While most U.S. graduate programs are structured so that a group of students matriculate in a cohort, these cohorts can be small, and it is common for people with minoritized identities to be extremely isolated. Women, people of color, queer folks, etc. often arrive in a graduate program to find they are one of a small handful, and people who have multiple of these identities can find themselves completely alone. Support across difference can be affirming, and allyship is essential for continuing to move towards a more diverse math community. At the same time, being able to talk about what you are experiencing with someone who shares your identity is sometimes essential. And while many of us have supportive friends and family that share our identities, they are often unfamiliar with the world of higher mathematics.

The early years of math graduate programs can feel siloed. Often students are not yet attending conferences or summer schools, and may not yet know many students in other programs. Without knowledge of what exists elsewhere, self-advocacy is difficult. For example, students in one program may struggle through a particularly difficult high-stakes qualifying exam process, while students in another are allowed to use course grades to show proficiency. Without knowing about other systems and realities, students normalize and accept unnecessary hardship.

A final challenge is the hierarchical nature of academia. In those first few semesters, students are not yet attached to an advisor, or see them infrequently. In contrast to high school or college where you hear from mentors frequently and (hopefully) receive positive feedback often, in the first few months of graduate school most students do not yet have anyone championing their success. Professors are over-worked and have little time for students before they pass their initial qualifying exams. In a time when students are taking the most challenging courses they have ever taken, or embarking on real math research for the first time, they are also receiving few signals that they are heading in the right direction.

Graduate programs can and should work to alleviate some of these challenges, and many are already aware of them and do excellent work to combat the isolation students feel. But there is still much room for improvement, and some of these challenges are impossible for a single graduate program to solve on their own. One attempt to work on these problems outside the auspices of a single graduate program is our initiative SUBgroups. In 2019 Drs. Marissa Loving and Justin Lanier established SUBgroups with the goal of bringing together students from different math graduate programs to share the experience of their first semester. The goal of SUBgroups is to leverage the scale of the larger math graduate school community to combat the isolation and siloization of individual programs.

Challenge #1: Navigating a stressful transition

SUBgroups was designed around the U.S. academic schedule. We coordinate two cohorts of students per year, one that starts meeting in September and another in October (while many schools in the U.S. start their year in late August, some schools begin in late September). The goal is to provide just-in-time support for students as they are beginning their new lives as graduate students. Students may be wondering where to go for academic or emotional support, how to decide which classes to take, how to think about possible advisor options, or be teaching for the first time. In SUBgroups students meet every other week with a group of students facing the same challenges. Group members can share resources, pass along good advice, and act as a sounding board. Most importantly, as a group of sympathetic peers, a SUBgroup can offer moral support during a stressful and potentially emotional time.

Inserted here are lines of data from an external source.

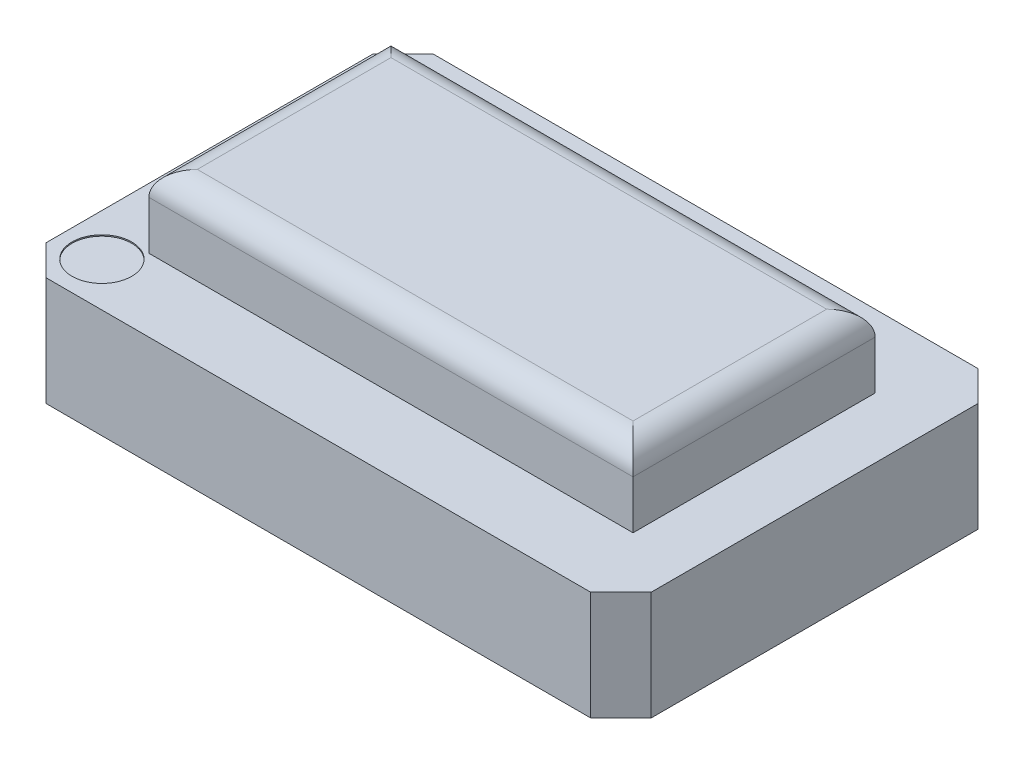
ISO-10303-21;
HEADER;
FILE_DESCRIPTION(('STEP AP214'),'2;1');
FILE_NAME('part.step','',(''),(''),'','','');
FILE_SCHEMA(('AUTOMOTIVE_DESIGN { 1 0 10303 214 1 1 1 1 }'));
ENDSEC;
DATA;
#1=APPLICATION_CONTEXT('core data for automotive mechanical design processes');
#2=APPLICATION_PROTOCOL_DEFINITION('international standard','automotive_design',2000,#1);
#3=PRODUCT_CONTEXT('',#1,'mechanical');
#4=PRODUCT('Part','Part','',(#3));
#5=PRODUCT_RELATED_PRODUCT_CATEGORY('part','',(#4));
#6=PRODUCT_DEFINITION_FORMATION('','',#4);
#7=PRODUCT_DEFINITION_CONTEXT('part definition',#1,'design');
#8=PRODUCT_DEFINITION('design','',#6,#7);
#9=PRODUCT_DEFINITION_SHAPE('','',#8);
#10=(LENGTH_UNIT() NAMED_UNIT(*) SI_UNIT(.MILLI.,.METRE.));
#11=(NAMED_UNIT(*) PLANE_ANGLE_UNIT() SI_UNIT($,.RADIAN.));
#12=(NAMED_UNIT(*) SI_UNIT($,.STERADIAN.) SOLID_ANGLE_UNIT());
#13=UNCERTAINTY_MEASURE_WITH_UNIT(LENGTH_MEASURE(1.E-05),#10,'distance_accuracy_value','');
#14=(GEOMETRIC_REPRESENTATION_CONTEXT(3) GLOBAL_UNCERTAINTY_ASSIGNED_CONTEXT((#13)) GLOBAL_UNIT_ASSIGNED_CONTEXT((#10,
#11,#12)) REPRESENTATION_CONTEXT('',''));
#15=CARTESIAN_POINT('',(0.,0.,0.));
#16=DIRECTION('',(0.,0.,1.));
#17=DIRECTION('',(1.,0.,0.));
#18=AXIS2_PLACEMENT_3D('',#15,#16,#17);
#19=CARTESIAN_POINT('',(-2.5,1.5,1.6));
#20=DIRECTION('',(0.,1.,0.));
#21=DIRECTION('',(0.,0.,1.));
#22=AXIS2_PLACEMENT_3D('',#19,#20,#21);
#23=PLANE('',#22);
#24=DIRECTION('',(1.,0.,0.));
#25=VECTOR('',#24,1.);
#26=CARTESIAN_POINT('',(-2.5,1.5,0.8));
#27=LINE('',#26,#25);
#28=CARTESIAN_POINT('',(1.8,1.5,0.8));
#29=VERTEX_POINT('',#28);
#30=CARTESIAN_POINT('',(-1.8,1.5,0.8));
#31=VERTEX_POINT('',#30);
#32=EDGE_CURVE('E178',#29,#31,#27,.F.);
#33=ORIENTED_EDGE('',*,*,#32,.F.);
#34=DIRECTION('',(0.,0.,-1.));
#35=VECTOR('',#34,1.);
#36=CARTESIAN_POINT('',(1.8,1.5,1.6));
#37=LINE('',#36,#35);
#38=CARTESIAN_POINT('',(1.8,1.5,-0.800000000000001));
#39=VERTEX_POINT('',#38);
#40=EDGE_CURVE('E142',#39,#29,#37,.F.);
#41=ORIENTED_EDGE('',*,*,#40,.F.);
#42=DIRECTION('',(-1.,0.,0.));
#43=VECTOR('',#42,1.);
#44=CARTESIAN_POINT('',(-2.5,1.5,-0.8));
#45=LINE('',#44,#43);
#46=CARTESIAN_POINT('',(-1.8,1.5,-0.8));
#47=VERTEX_POINT('',#46);
#48=EDGE_CURVE('E139',#47,#39,#45,.F.);
#49=ORIENTED_EDGE('',*,*,#48,.F.);
#50=DIRECTION('',(0.,0.,1.));
#51=VECTOR('',#50,1.);
#52=CARTESIAN_POINT('',(-1.8,1.5,1.6));
#53=LINE('',#52,#51);
#54=EDGE_CURVE('E168',#47,#31,#53,.T.);
#55=ORIENTED_EDGE('',*,*,#54,.T.);
#56=EDGE_LOOP('',(#33,#41,#49,#55));
#57=FACE_BOUND('',#56,.T.);
#58=ADVANCED_FACE('F16',(#57),#23,.T.);
#59=CARTESIAN_POINT('',(-2.15218636250114,0.89,1.2360818666366));
#60=DIRECTION('',(0.,1.,0.));
#61=DIRECTION('',(0.,0.,1.));
#62=AXIS2_PLACEMENT_3D('',#59,#60,#61);
#63=PLANE('',#62);
#64=CARTESIAN_POINT('',(-2.15218636250114,0.89,1.2360818666366));
#65=DIRECTION('',(0.,1.,0.));
#66=DIRECTION('',(0.,0.,1.));
#67=AXIS2_PLACEMENT_3D('',#64,#65,#66);
#68=CIRCLE('',#67,0.246495858810898);
#69=CARTESIAN_POINT('',(-2.15218636250114,0.89,1.4825777254475));
#70=VERTEX_POINT('',#69);
#71=EDGE_CURVE('E125',#70,#70,#68,.T.);
#72=ORIENTED_EDGE('',*,*,#71,.T.);
#73=EDGE_LOOP('',(#72));
#74=FACE_BOUND('',#73,.T.);
#75=ADVANCED_FACE('F343',(#74),#63,.T.);
#76=CARTESIAN_POINT('',(-2.5,1.3,-0.8));
#77=DIRECTION('',(-1.,0.,0.));
#78=DIRECTION('',(0.,0.,1.));
#79=AXIS2_PLACEMENT_3D('',#76,#77,#78);
#80=CYLINDRICAL_SURFACE('',#79,0.2);
#81=CARTESIAN_POINT('',(-1.8,1.3,-0.8));
#82=DIRECTION('',(-0.707106781186547,0.,0.707106781186548));
#83=DIRECTION('',(0.707106781186548,0.,0.707106781186547));
#84=AXIS2_PLACEMENT_3D('',#81,#82,#83);
#85=ELLIPSE('',#84,0.282842712474619,0.2);
#86=CARTESIAN_POINT('',(-2.,1.3,-1.));
#87=VERTEX_POINT('',#86);
#88=EDGE_CURVE('E177',#47,#87,#85,.T.);
#89=ORIENTED_EDGE('',*,*,#88,.F.);
#90=ORIENTED_EDGE('',*,*,#48,.T.);
#91=CARTESIAN_POINT('',(1.8,1.3,-0.8));
#92=DIRECTION('',(-0.707106781186548,0.,-0.707106781186547));
#93=DIRECTION('',(0.707106781186547,0.,-0.707106781186548));
#94=AXIS2_PLACEMENT_3D('',#91,#92,#93);
#95=ELLIPSE('',#94,0.282842712474619,0.2);
#96=CARTESIAN_POINT('',(2.,1.3,-1.));
#97=VERTEX_POINT('',#96);
#98=EDGE_CURVE('E19',#97,#39,#95,.F.);
#99=ORIENTED_EDGE('',*,*,#98,.F.);
#100=DIRECTION('',(-1.,0.,0.));
#101=VECTOR('',#100,1.);
#102=CARTESIAN_POINT('',(-2.,1.3,-1.));
#103=LINE('',#102,#101);
#104=EDGE_CURVE('E115',#87,#97,#103,.F.);
#105=ORIENTED_EDGE('',*,*,#104,.F.);
#106=EDGE_LOOP('',(#89,#90,#99,#105));
#107=FACE_BOUND('',#106,.T.);
#108=ADVANCED_FACE('F137',(#107),#80,.T.);
#109=CARTESIAN_POINT('',(1.8,1.3,1.6));
#110=DIRECTION('',(0.,0.,-1.));
#111=DIRECTION('',(-1.,0.,0.));
#112=AXIS2_PLACEMENT_3D('',#109,#110,#111);
#113=CYLINDRICAL_SURFACE('',#112,0.2);
#114=ORIENTED_EDGE('',*,*,#98,.T.);
#115=ORIENTED_EDGE('',*,*,#40,.T.);
#116=CARTESIAN_POINT('',(1.8,1.3,0.8));
#117=DIRECTION('',(0.707106781186547,0.,-0.707106781186548));
#118=DIRECTION('',(0.707106781186548,0.,0.707106781186547));
#119=AXIS2_PLACEMENT_3D('',#116,#117,#118);
#120=ELLIPSE('',#119,0.282842712474619,0.2);
#121=CARTESIAN_POINT('',(2.,1.3,1.));
#122=VERTEX_POINT('',#121);
#123=EDGE_CURVE('E146',#122,#29,#120,.F.);
#124=ORIENTED_EDGE('',*,*,#123,.F.);
#125=DIRECTION('',(0.,0.,-1.));
#126=VECTOR('',#125,1.);
#127=CARTESIAN_POINT('',(2.,1.3,-1.));
#128=LINE('',#127,#126);
#129=EDGE_CURVE('E131',#97,#122,#128,.F.);
#130=ORIENTED_EDGE('',*,*,#129,.F.);
#131=EDGE_LOOP('',(#114,#115,#124,#130));
#132=FACE_BOUND('',#131,.T.);
#133=ADVANCED_FACE('F144',(#132),#113,.T.);
#134=CARTESIAN_POINT('',(-2.5,1.3,0.8));
#135=DIRECTION('',(1.,0.,0.));
#136=DIRECTION('',(0.,0.,-1.));
#137=AXIS2_PLACEMENT_3D('',#134,#135,#136);
#138=CYLINDRICAL_SURFACE('',#137,0.2);
#139=CARTESIAN_POINT('',(-1.8,1.3,0.8));
#140=DIRECTION('',(0.707106781186548,0.,0.707106781186547));
#141=DIRECTION('',(-0.707106781186547,0.,0.707106781186548));
#142=AXIS2_PLACEMENT_3D('',#139,#140,#141);
#143=ELLIPSE('',#142,0.282842712474619,0.2);
#144=CARTESIAN_POINT('',(-2.,1.3,1.));
#145=VERTEX_POINT('',#144);
#146=EDGE_CURVE('E174',#145,#31,#143,.F.);
#147=ORIENTED_EDGE('',*,*,#146,.F.);
#148=DIRECTION('',(1.,0.,0.));
#149=VECTOR('',#148,1.);
#150=CARTESIAN_POINT('',(-2.,1.3,1.));
#151=LINE('',#150,#149);
#152=EDGE_CURVE('E150',#122,#145,#151,.F.);
#153=ORIENTED_EDGE('',*,*,#152,.F.);
#154=ORIENTED_EDGE('',*,*,#123,.T.);
#155=ORIENTED_EDGE('',*,*,#32,.T.);
#156=EDGE_LOOP('',(#147,#153,#154,#155));
#157=FACE_BOUND('',#156,.T.);
#158=ADVANCED_FACE('F336',(#157),#138,.T.);
#159=CARTESIAN_POINT('',(-1.8,1.3,1.6));
#160=DIRECTION('',(0.,0.,1.));
#161=DIRECTION('',(1.,0.,0.));
#162=AXIS2_PLACEMENT_3D('',#159,#160,#161);
#163=CYLINDRICAL_SURFACE('',#162,0.2);
#164=ORIENTED_EDGE('',*,*,#146,.T.);
#165=ORIENTED_EDGE('',*,*,#54,.F.);
#166=ORIENTED_EDGE('',*,*,#88,.T.);
#167=DIRECTION('',(0.,0.,1.));
#168=VECTOR('',#167,1.);
#169=CARTESIAN_POINT('',(-2.,1.3,-1.));
#170=LINE('',#169,#168);
#171=EDGE_CURVE('E196',#145,#87,#170,.F.);
#172=ORIENTED_EDGE('',*,*,#171,.F.);
#173=EDGE_LOOP('',(#164,#165,#166,#172));
#174=FACE_BOUND('',#173,.T.);
#175=ADVANCED_FACE('F332',(#174),#163,.T.);
#176=CARTESIAN_POINT('',(-2.15218636250114,0.89,1.2360818666366));
#177=DIRECTION('',(0.,1.,0.));
#178=DIRECTION('',(0.,0.,1.));
#179=AXIS2_PLACEMENT_3D('',#176,#177,#178);
#180=CYLINDRICAL_SURFACE('',#179,0.246495858810898);
#181=CARTESIAN_POINT('',(-2.15218636250114,0.9,1.2360818666366));
#182=DIRECTION('',(0.,1.,0.));
#183=DIRECTION('',(0.,0.,1.));
#184=AXIS2_PLACEMENT_3D('',#181,#182,#183);
#185=CIRCLE('',#184,0.246495858810898);
#186=CARTESIAN_POINT('',(-2.15218636250114,0.9,1.4825777254475));
#187=VERTEX_POINT('',#186);
#188=EDGE_CURVE('E164',#187,#187,#185,.F.);
#189=ORIENTED_EDGE('',*,*,#188,.F.);
#190=EDGE_LOOP('',(#189));
#191=FACE_BOUND('',#190,.T.);
#192=ORIENTED_EDGE('',*,*,#71,.F.);
#193=EDGE_LOOP('',(#192));
#194=FACE_BOUND('',#193,.T.);
#195=ADVANCED_FACE('F329',(#191,#194),#180,.F.);
#196=CARTESIAN_POINT('',(-2.,0.9,-1.));
#197=DIRECTION('',(0.,0.,-1.));
#198=DIRECTION('',(-1.,0.,0.));
#199=AXIS2_PLACEMENT_3D('',#196,#197,#198);
#200=PLANE('',#199);
#201=DIRECTION('',(0.,1.,0.));
#202=VECTOR('',#201,1.);
#203=CARTESIAN_POINT('',(2.,0.9,-1.));
#204=LINE('',#203,#202);
#205=CARTESIAN_POINT('',(2.,0.9,-1.));
#206=VERTEX_POINT('',#205);
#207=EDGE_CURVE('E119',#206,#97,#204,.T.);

We have designed SUBgroups to alleviate the stress, not add to it. We know this is a busy time for students, so we make the application and group setup process as simple as possible. We do not require any essays or letters of recommendation, the application is a short survey that gives us enough information to put together groups that will hopefully have interesting things to talk about. Setting up the group meetings is as simple as using an online tool to find a workable time-slot and setting up a plan for video conferencing. We compose groups with participants who have similar time availability to make coordination easier. Groups only meet once every other week, since the first semester can be so overwhelming, and it can be difficult to find times that work for folks in different time zones with different schedules.

Challenge #2: Isolation of folks with minoritized identities

Our main approach in combating isolation is to cast a broad net, and then leverage our size. We advertise broadly, by reaching out to graduate program directors, putting notices in the AMS Headlines and Deadlines e-newsletter, and posting on Facebook and Twitter both to make use of our networks and to reach underrepresented people. We are as inclusive as possible, and welcome future academics as well as people intending to go on to teach or to work in industry, folks in statistics, and students in bridge-to-PhD programs. A single graduate program may be too small, but there is power in numbers.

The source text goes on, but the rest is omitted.